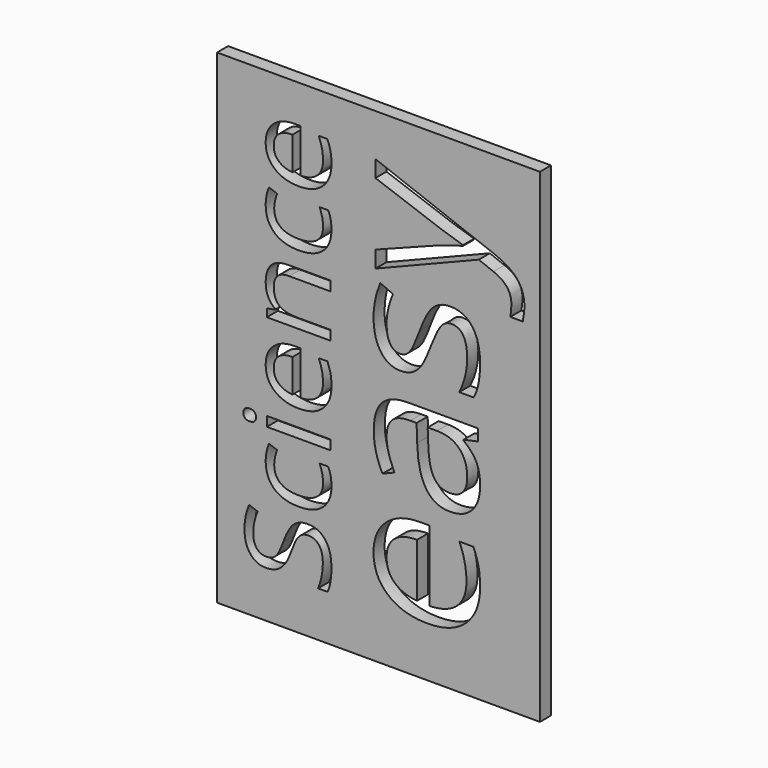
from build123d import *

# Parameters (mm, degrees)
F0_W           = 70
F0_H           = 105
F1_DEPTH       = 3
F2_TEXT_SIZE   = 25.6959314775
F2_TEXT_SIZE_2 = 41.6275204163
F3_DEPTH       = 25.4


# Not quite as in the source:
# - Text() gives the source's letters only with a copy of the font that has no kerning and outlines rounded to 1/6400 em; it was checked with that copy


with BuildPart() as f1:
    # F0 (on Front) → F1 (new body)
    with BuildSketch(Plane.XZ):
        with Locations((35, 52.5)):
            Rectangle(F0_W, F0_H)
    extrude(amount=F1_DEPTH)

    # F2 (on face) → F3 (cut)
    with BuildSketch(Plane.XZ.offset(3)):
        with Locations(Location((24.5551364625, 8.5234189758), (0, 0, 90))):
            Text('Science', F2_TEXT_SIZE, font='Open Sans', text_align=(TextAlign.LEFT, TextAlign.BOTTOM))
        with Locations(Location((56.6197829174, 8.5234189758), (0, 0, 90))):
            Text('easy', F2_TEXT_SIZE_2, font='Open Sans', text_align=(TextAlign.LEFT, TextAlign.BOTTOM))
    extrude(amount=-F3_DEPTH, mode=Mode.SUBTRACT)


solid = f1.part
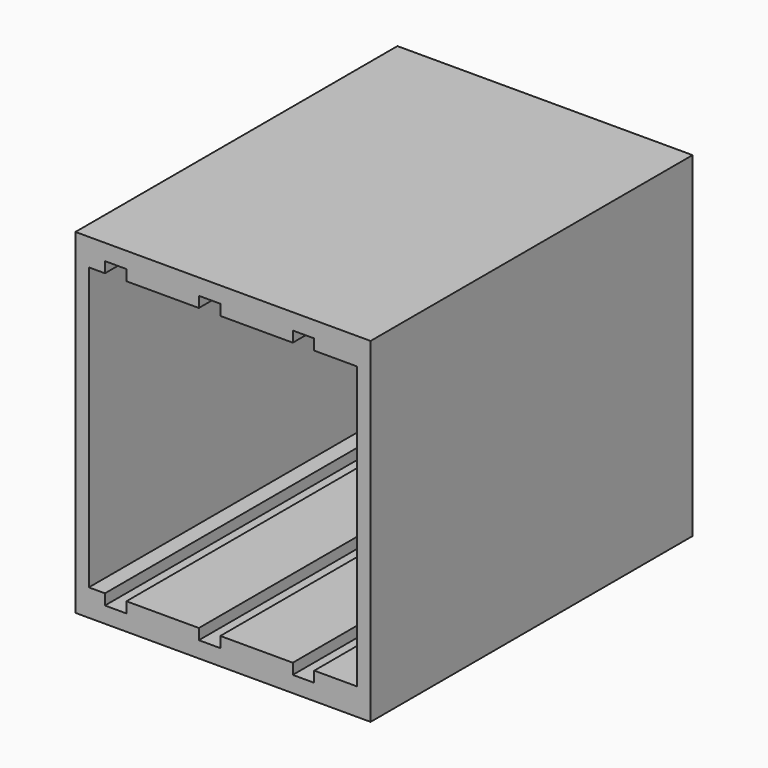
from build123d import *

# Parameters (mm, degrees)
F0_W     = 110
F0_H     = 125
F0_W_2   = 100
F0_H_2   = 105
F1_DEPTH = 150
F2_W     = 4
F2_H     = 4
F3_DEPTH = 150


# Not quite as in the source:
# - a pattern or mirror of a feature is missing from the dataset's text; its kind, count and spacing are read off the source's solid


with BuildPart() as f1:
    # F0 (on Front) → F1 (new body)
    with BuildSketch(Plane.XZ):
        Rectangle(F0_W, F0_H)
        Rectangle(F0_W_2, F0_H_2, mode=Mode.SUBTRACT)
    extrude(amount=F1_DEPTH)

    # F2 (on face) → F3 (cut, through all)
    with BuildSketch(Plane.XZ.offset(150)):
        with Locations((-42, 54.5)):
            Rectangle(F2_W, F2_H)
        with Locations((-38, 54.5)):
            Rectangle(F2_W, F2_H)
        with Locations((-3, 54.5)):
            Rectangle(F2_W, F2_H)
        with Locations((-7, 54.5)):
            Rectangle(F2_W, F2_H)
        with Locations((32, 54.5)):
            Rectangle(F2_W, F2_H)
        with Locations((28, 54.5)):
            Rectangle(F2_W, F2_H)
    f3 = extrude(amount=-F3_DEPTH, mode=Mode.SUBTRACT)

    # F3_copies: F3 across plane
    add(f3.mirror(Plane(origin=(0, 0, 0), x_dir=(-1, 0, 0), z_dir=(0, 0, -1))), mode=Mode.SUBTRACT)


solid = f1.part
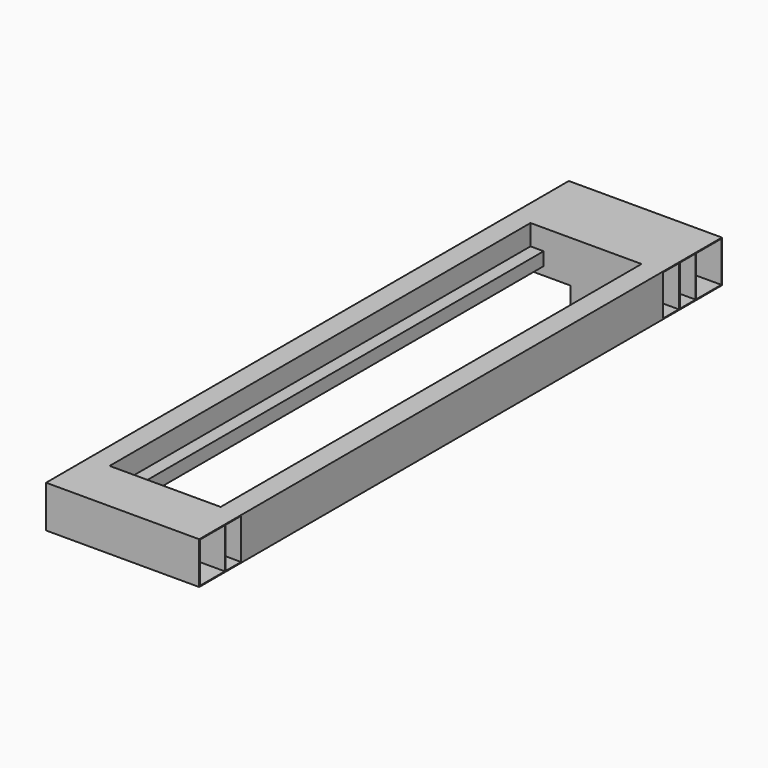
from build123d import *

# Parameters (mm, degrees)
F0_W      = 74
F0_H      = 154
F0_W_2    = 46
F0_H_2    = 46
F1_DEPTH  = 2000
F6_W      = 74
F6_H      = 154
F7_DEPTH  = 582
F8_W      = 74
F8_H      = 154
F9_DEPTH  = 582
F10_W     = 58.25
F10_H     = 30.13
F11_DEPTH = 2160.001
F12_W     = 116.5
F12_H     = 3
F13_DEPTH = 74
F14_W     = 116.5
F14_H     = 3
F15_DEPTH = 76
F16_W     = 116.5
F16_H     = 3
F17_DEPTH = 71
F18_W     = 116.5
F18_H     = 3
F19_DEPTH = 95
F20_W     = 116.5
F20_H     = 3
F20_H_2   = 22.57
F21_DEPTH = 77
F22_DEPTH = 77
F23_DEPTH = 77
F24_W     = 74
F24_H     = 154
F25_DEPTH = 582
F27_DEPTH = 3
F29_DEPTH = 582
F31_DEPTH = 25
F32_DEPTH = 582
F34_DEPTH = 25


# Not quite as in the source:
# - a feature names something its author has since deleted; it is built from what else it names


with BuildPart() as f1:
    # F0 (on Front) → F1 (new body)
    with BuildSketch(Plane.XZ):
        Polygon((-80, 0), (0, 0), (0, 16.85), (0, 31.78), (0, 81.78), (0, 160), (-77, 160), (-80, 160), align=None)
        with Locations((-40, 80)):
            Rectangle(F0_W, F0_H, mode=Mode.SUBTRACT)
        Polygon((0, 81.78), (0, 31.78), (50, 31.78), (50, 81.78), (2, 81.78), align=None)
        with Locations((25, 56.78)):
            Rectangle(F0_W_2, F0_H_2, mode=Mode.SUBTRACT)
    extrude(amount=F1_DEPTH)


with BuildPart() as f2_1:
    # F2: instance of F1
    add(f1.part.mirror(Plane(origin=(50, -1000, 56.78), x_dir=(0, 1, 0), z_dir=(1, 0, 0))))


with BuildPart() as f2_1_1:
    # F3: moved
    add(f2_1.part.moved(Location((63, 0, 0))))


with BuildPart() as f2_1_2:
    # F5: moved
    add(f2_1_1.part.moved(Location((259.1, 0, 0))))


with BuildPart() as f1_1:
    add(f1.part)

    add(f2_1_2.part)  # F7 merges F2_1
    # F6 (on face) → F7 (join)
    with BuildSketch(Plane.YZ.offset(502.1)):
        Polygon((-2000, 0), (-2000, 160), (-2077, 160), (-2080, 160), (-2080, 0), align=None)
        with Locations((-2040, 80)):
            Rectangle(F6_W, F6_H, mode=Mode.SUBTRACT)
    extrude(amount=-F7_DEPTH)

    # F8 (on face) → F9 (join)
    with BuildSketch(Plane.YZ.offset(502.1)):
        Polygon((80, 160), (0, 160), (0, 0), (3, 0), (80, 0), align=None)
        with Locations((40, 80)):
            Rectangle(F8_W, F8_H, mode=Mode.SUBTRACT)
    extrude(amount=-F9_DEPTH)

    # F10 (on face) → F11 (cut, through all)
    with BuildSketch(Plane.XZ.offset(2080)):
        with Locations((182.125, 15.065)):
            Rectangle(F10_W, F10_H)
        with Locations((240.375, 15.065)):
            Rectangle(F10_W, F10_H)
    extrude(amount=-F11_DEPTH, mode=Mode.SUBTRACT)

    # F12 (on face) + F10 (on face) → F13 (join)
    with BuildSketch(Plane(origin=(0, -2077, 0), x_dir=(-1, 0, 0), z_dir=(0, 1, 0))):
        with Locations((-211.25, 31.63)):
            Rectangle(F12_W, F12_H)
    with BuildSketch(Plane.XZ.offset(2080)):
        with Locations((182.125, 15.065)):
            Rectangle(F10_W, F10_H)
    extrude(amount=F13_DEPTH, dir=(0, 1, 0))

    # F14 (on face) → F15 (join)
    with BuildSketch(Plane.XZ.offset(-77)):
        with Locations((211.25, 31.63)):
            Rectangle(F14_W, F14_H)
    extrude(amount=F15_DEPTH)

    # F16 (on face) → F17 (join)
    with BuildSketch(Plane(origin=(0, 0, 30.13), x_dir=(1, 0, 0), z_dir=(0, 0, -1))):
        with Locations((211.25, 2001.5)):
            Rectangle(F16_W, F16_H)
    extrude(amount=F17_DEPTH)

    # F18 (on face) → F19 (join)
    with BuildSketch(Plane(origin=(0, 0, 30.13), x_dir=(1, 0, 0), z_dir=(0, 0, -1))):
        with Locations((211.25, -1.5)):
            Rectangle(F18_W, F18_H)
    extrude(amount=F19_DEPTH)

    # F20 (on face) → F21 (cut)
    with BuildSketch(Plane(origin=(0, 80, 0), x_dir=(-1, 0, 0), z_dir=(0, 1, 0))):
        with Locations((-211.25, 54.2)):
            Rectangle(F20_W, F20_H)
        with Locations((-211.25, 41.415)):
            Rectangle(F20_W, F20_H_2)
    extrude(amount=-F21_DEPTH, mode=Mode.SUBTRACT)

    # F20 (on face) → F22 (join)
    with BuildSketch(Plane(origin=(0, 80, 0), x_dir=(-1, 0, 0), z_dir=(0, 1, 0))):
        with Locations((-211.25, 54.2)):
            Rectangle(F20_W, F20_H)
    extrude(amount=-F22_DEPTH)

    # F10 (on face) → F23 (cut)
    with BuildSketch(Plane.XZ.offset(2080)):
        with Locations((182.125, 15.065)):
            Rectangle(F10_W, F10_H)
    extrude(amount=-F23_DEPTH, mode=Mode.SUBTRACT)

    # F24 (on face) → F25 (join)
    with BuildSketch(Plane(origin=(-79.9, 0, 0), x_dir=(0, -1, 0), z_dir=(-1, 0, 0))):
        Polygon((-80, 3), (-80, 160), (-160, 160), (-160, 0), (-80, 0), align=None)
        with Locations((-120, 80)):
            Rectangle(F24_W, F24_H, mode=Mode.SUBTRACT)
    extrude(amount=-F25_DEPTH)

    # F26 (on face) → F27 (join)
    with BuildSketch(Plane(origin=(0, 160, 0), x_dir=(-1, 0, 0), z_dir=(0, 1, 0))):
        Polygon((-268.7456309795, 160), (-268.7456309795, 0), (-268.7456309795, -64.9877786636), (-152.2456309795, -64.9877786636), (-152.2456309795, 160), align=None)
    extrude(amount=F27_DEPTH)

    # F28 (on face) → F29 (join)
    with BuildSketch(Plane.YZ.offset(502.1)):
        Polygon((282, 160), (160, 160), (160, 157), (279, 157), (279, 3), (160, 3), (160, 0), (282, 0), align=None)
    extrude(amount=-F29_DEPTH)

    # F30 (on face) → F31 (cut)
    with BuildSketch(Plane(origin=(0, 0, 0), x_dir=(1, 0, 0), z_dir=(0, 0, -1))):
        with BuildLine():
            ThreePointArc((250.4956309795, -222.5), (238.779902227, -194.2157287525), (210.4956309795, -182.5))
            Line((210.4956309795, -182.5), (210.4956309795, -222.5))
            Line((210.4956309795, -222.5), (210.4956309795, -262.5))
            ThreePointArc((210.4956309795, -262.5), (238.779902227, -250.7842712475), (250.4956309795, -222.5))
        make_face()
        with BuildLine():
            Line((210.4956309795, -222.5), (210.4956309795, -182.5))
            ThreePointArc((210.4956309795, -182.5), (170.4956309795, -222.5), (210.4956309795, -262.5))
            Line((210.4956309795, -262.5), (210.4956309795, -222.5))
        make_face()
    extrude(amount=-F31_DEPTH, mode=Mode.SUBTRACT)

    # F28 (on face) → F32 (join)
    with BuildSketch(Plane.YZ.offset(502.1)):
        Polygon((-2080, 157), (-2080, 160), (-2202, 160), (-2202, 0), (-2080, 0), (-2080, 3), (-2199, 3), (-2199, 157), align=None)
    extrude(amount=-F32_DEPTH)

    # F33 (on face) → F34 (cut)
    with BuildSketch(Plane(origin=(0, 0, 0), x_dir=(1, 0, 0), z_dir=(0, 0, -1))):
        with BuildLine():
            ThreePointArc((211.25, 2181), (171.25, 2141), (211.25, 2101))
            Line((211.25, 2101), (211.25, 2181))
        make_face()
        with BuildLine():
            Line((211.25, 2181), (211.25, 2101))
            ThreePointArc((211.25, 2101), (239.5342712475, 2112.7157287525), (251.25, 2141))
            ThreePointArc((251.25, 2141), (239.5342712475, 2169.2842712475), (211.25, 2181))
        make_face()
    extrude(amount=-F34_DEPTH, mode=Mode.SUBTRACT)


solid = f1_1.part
--- --- ---
Give the exact lines, and only those, from the line containing "# F14 (on face) → F15 (join)" through the line containing "(-80, 0), align=None)" in the entries above.

    # F14 (on face) → F15 (join)
    with BuildSketch(Plane.XZ.offset(-77)):
        with Locations((211.25, 31.63)):
            Rectangle(F14_W, F14_H)
    extrude(amount=F15_DEPTH)

    # F16 (on face) → F17 (join)
    with BuildSketch(Plane(origin=(0, 0, 30.13), x_dir=(1, 0, 0), z_dir=(0, 0, -1))):
        with Locations((211.25, 2001.5)):
            Rectangle(F16_W, F16_H)
    extrude(amount=F17_DEPTH)

    # F18 (on face) → F19 (join)
    with BuildSketch(Plane(origin=(0, 0, 30.13), x_dir=(1, 0, 0), z_dir=(0, 0, -1))):
        with Locations((211.25, -1.5)):
            Rectangle(F18_W, F18_H)
    extrude(amount=F19_DEPTH)

    # F20 (on face) → F21 (cut)
    with BuildSketch(Plane(origin=(0, 80, 0), x_dir=(-1, 0, 0), z_dir=(0, 1, 0))):
        with Locations((-211.25, 54.2)):
            Rectangle(F20_W, F20_H)
        with Locations((-211.25, 41.415)):
            Rectangle(F20_W, F20_H_2)
    extrude(amount=-F21_DEPTH, mode=Mode.SUBTRACT)

    # F20 (on face) → F22 (join)
    with BuildSketch(Plane(origin=(0, 80, 0), x_dir=(-1, 0, 0), z_dir=(0, 1, 0))):
        with Locations((-211.25, 54.2)):
            Rectangle(F20_W, F20_H)
    extrude(amount=-F22_DEPTH)

    # F10 (on face) → F23 (cut)
    with BuildSketch(Plane.XZ.offset(2080)):
        with Locations((182.125, 15.065)):
            Rectangle(F10_W, F10_H)
    extrude(amount=-F23_DEPTH, mode=Mode.SUBTRACT)

    # F24 (on face) → F25 (join)
    with BuildSketch(Plane(origin=(-79.9, 0, 0), x_dir=(0, -1, 0), z_dir=(-1, 0, 0))):
        Polygon((-80, 3), (-80, 160), (-160, 160), (-160, 0), (-80, 0), align=None)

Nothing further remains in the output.